▶ Task prompt
Figure out how many lines in the records below hold the string "along". That number alone is the answer.

▶ Data to process

···

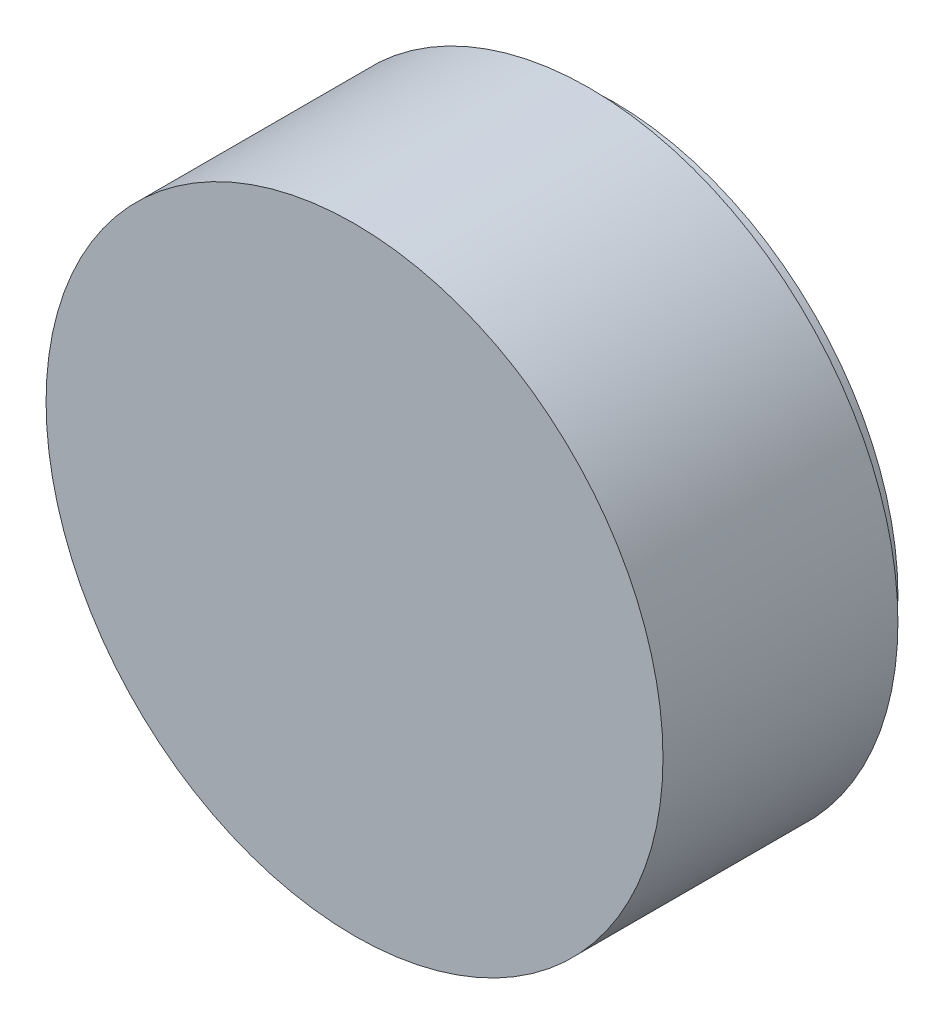
SolidWorks part; units mm, degrees
ref_plane "Front Plane" through (0, 0, 0) normal (0, 0, 1) x (1, 0, 0)
ref_plane "Top Plane" through (0, 0, 0) normal (0, 1, 0) x (1, 0, 0)
ref_plane "Right Plane" through (0, 0, 0) normal (1, 0, 0) x (0, 0, -1)
sketch "Sketch1" plane through (0, 0, 0) normal (0, 0, 1) x (1, 0, 0)
  circle A0 centre (0, 0) radius 24.257
  dimension "D1" = 48.514
extrude "Boss-Extrude1" add sketch "Sketch1" along normal blind 2
sketch "Sketch2" plane through (0, 0, 2) normal (0, 0, 1) x (1, 0, 0)
  circle A3 centre (0, 0) radius 26.257
  circle A4 centre (0, 0) radius 26.257
  dimension "D1" = 2
extrude "Boss-Extrude2" add sketch "Sketch2" along normal blind 20
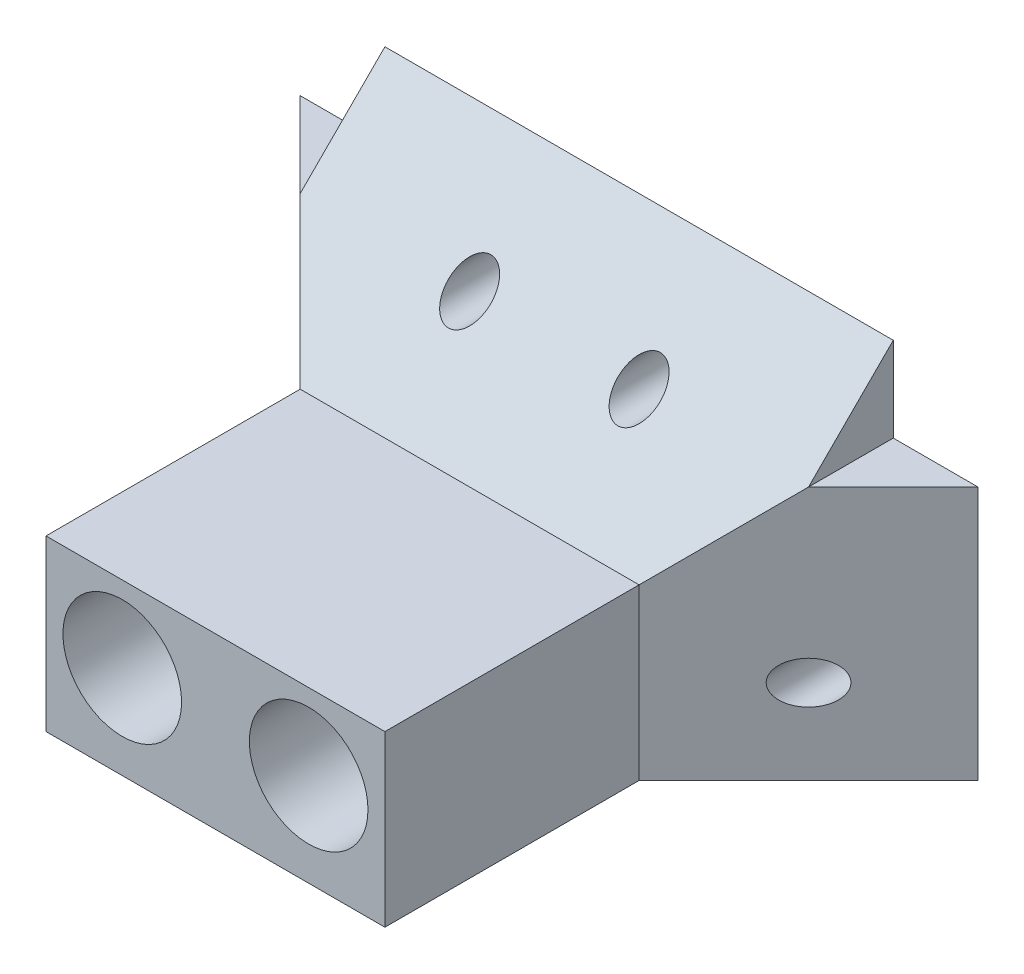
SolidWorks part; units mm, degrees
ref_plane "정면" through (0, 0, 0) normal (0, 0, 1) x (1, 0, 0)
ref_plane "윗면" through (0, 0, 0) normal (0, 1, 0) x (1, 0, 0)
ref_plane "우측면" through (0, 0, 0) normal (1, 0, 0) x (0, 0, -1)
sketch "스케치1" plane through (0, 0, 0) normal (0, 0, 1) x (1, 0, 0)
  line L1 (-10, 10) -> (10, 10)
  line L2 (-10, 10) -> (-10, -10)
  line L3 (-10, -10) -> (10, -10)
  line L4 (10, 10) -> (10, -10)
  line L5 (-10, 10) -> (10, -10) construction
  line L6 (-10, -10) -> (10, 10) construction
  point P0 (0, 0)
  dimension "D1" = 20
  dimension "D2" = 20
extrude "보스-돌출1" add sketch "스케치1" along normal blind 40
sketch "스케치2" plane through (10, 0, 0) normal (1, 0, 0) x (0, 0, -1)
  line L0 (0, -10) -> (0, 10) construction
  line L1 (-15, 7.5) -> (-5, 7.5)
  line L2 (-15, 7.5) -> (-15, -7.5)
  line L3 (-15, -7.5) -> (-5, -7.5)
  line L4 (-5, 7.5) -> (-5, -7.5)
  line L5 (-15, 7.5) -> (-5, -7.5) construction
  line L6 (-15, -7.5) -> (-5, 7.5) construction
  line L7 (-40, -10) -> (0, -10) construction
  point P0 (-10, 0)
  dimension "D1" = 10
  dimension "D2" = 10
  dimension "D3" = 15
  dimension "D4" = 10
extrude "컷-돌출1" cut sketch "스케치2" against normal blind 7.0711
sketch "스케치4" plane through (0, 0, 0) normal (0, 1, 0) x (1, 0, 0)
  line L0 (0, -30.773) -> (0, 0.8163) construction
pattern_circular "원형 패턴1" count 4 over 360 about axis through (0, 0, 0) along (0, 0, 1) of "컷-돌출1"
sketch "스케치5" plane through (0, 0, 40) normal (0, 0, 1) x (1, 0, 0)
  line L0 (-10, 10) -> (-10, -10) construction
  line L1 (-10, -10) -> (10, -10) construction
  line L2 (10, -10) -> (10, 10) construction
  line L3 (10, 10) -> (-10, 10) construction
  circle A0 centre (-5.5, 5.5) radius 3.5
  circle A1 centre (5.5, 5.5) radius 3.5
  circle A2 centre (-5.5, -5.5) radius 3.5
  circle A3 centre (5.5, -5.5) radius 3.5
  dimension "D1" = 7
  dimension "D2" = 7
  dimension "D3" = 7
  dimension "D4" = 7
  dimension "D5" = 4.5
  dimension "D6" = 4.5
  dimension "D7" = 4.5
  dimension "D8" = 4.5
  dimension "D9" = 4.5
  dimension "D10" = 4.5
  dimension "D11" = 4.5
  dimension "D12" = 4.5
extrude "컷-돌출2" cut sketch "스케치5" along a picked direction on the side against the normal blind 25
sketch "스케치6" plane through (0, 0, 0) normal (0, 0, -1) x (-1, 0, 0)
  line L5 (-14.8088, -2.95) -> (-14.8088, 2.95)
  line L7 (-14.8088, 2.95) -> (-2.95, 2.95)
  line L8 (-2.95, 2.95) -> (-2.95, 12.3603)
  line L10 (-2.95, 12.3603) -> (2.95, 12.3603)
  line L11 (2.95, 12.3603) -> (2.95, 2.95)
  line L12 (2.95, 2.95) -> (13.8521, 2.95)
  line L14 (13.8521, 2.95) -> (13.8521, -2.95)
  line L15 (13.8521, -2.95) -> (2.95, -2.95)
  line L16 (2.95, -2.95) -> (2.95, -13.9757)
  line L18 (2.95, -13.9757) -> (-2.95, -13.9757)
  line L19 (-2.95, -13.9757) -> (-2.95, -2.95)
  line L20 (-2.95, -2.95) -> (-14.8088, -2.95)
  dimension "D1" = 5.9
  dimension "D2" = 2.95
  dimension "D3" = 5.9
  dimension "D4" = 5.9
  dimension "D5" = 5.9
  dimension "D6" = 2.95
  dimension "D7" = 2.95
  dimension "D8" = 2.95
extrude "컷-돌출3" cut sketch "스케치6" against normal blind 5
sketch "스케치8" plane through (0, 0, 0) normal (0, 1, 0) x (1, 0, 0)
  line L5 (-11.0684, 1.3381) -> (11.5394, 1.3381)
  line L6 (-11.0684, 1.3381) -> (-11.0684, -40.7573)
  line L7 (-11.0684, -40.7573) -> (11.5394, -40.7573)
  line L8 (11.5394, 1.3381) -> (11.5394, -40.7573)
sketch "스케치9" plane through (0, 0, 5) normal (0, 0, -1) x (-1, 0, 0)
  line L1 (-2.9289, 2.9289) -> (2.95, 2.9289)
  line L2 (-2.9289, 2.9289) -> (-2.9289, -2.95)
  line L3 (-2.9289, -2.95) -> (2.95, -2.95)
  line L4 (2.95, 2.9289) -> (2.95, -2.95)
extrude "컷-돌출5" cut sketch "스케치9" against normal blind 5
sketch "스케치11" plane through (10, 0, 0) normal (1, 0, 0) x (0, 0, -1)
  line L1 (-15, 15) -> (-25, 15)
  line L2 (-15, 15) -> (-15, -15)
  line L3 (-15, -15) -> (-25, -15)
  line L4 (-25, 15) -> (-25, -15)
  dimension "D1" = 30
  dimension "D2" = 10
  dimension "D3" = 15
extrude "보스-돌출2" add sketch "스케치11" along normal blind 10
sketch "스케치12" plane through (0, 15, 0) normal (0, 1, 0) x (1, 0, 0)
  line L0 (20, -15) -> (10, -25)
  line L1 (10, -25) -> (20, -25)
  line L2 (20, -25) -> (20, -15)
extrude "컷-돌출6" cut sketch "스케치12" against normal blind 30
sketch "스케치14" plane through (0, 0, 0) normal (1, 0, 0) x (0, 0, -1)
  line L0 (-45.6435, 0) -> (9.8052, 0) construction
sketch "스케치13" plane through (0, 0, 15) normal (0, 0, -1) x (-1, 0, 0)
  line L0 (-10, 2.95) -> (-10, 10) construction
  line L1 (-10, -10) -> (-10, -2.95) construction
  line L4 (-20, -15) -> (-10, -15) construction
  line L5 (-20, 15) -> (-10, 15) construction
  circle A0 centre (-15, -5) radius 1.25
  circle A1 centre (-15, 5) radius 1.25
  dimension "D5" = 2.5
  dimension "D6" = 2.5
  dimension "D1" = 5
  dimension "D2" = 5
  dimension "D3" = 10
  dimension "D4" = 10
extrude "컷-돌출7" cut sketch "스케치13" against normal blind 10
pattern_circular "원형 패턴2" count 4 over 360 about axis through (0, 0, 0) along (0, 0, 1) of "컷-돌출7", "컷-돌출6", "보스-돌출2"
ref_plane "평면1" through (0, 0, 25) normal (0, 0, -1) x (-1, 0, 0)
sketch "스케치16" plane through (0, -10, 0) normal (0, -1, 0) x (1, 0, 0)
  line L0 (-2.9289, 10) -> (2.9289, 10) construction
  line L1 (10, 0) -> (-10, 0)
  line L2 (10, 0) -> (10, 10)
  line L3 (10, 10) -> (-10, 10)
  line L4 (-10, 0) -> (-10, 10)
  dimension "D1" = 0
extrude "컷-돌출11" cut sketch "스케치16" against normal blind 40
sketch "스케치17" plane through (0, 0, 10) normal (0, 0, -1) x (-1, 0, 0)
  line L1 (-10, 10) -> (10, 10)
  line L2 (-10, 10) -> (-10, -10)
  line L3 (-10, -10) -> (10, -10)
  line L4 (10, 10) -> (10, -10)
  line L5 (-10, 10) -> (10, -10) construction
  line L6 (-10, -10) -> (10, 10) construction
  line L7 (-2.9289, 2.9289) -> (2.9289, 2.9289)
  line L8 (-2.9289, 2.9289) -> (-2.9289, -2.9289)
  line L9 (-2.9289, -2.9289) -> (2.9289, -2.9289)
  line L10 (2.9289, 2.9289) -> (2.9289, -2.9289)
  line L11 (-2.9289, 2.9289) -> (2.9289, -2.9289) construction
  line L12 (-2.9289, -2.9289) -> (2.9289, 2.9289) construction
  point P0 (0, 0)
  point P7 (0, 0)
extrude "컷-돌출12" cut sketch "스케치17" against normal blind 5
sketch "스케치18" plane through (0, 10, 0) normal (0, -1, 0) x (1, 0, 0)
  line L0 (10, 25) -> (15, 25)
  line L1 (15, 25) -> (15, 20)
  line L2 (15, 20) -> (10, 25)
extrude "컷-돌출13" cut sketch "스케치18" against normal blind 10 and the other way through all
sketch "스케치19" plane through (0, 0, 0) normal (0, 1, 0) x (1, 0, 0)
  line L1 (-31.1319, 8.0592) -> (50.4041, 8.0592)
  line L2 (-31.1319, 8.0592) -> (-31.1319, -60.7276)
  line L3 (-31.1319, -60.7276) -> (50.4041, -60.7276)
  line L4 (50.4041, 8.0592) -> (50.4041, -60.7276)
extrude "컷-돌출16" cut sketch "스케치19" against normal blind 400 contours L1 L4 L3 L2
sketch "스케치20" plane through (0, 0, 0) normal (1, 0, 0) x (0, 0, -1)
  line L1 (-53.3755, 28.6467) -> (19.7058, 28.6467)
  line L2 (-53.3755, 28.6467) -> (-53.3755, -15.7116)
  line L3 (-53.3755, -15.7116) -> (19.7058, -15.7116)
  line L4 (19.7058, 28.6467) -> (19.7058, -15.7116)

···

▶ Completed task
7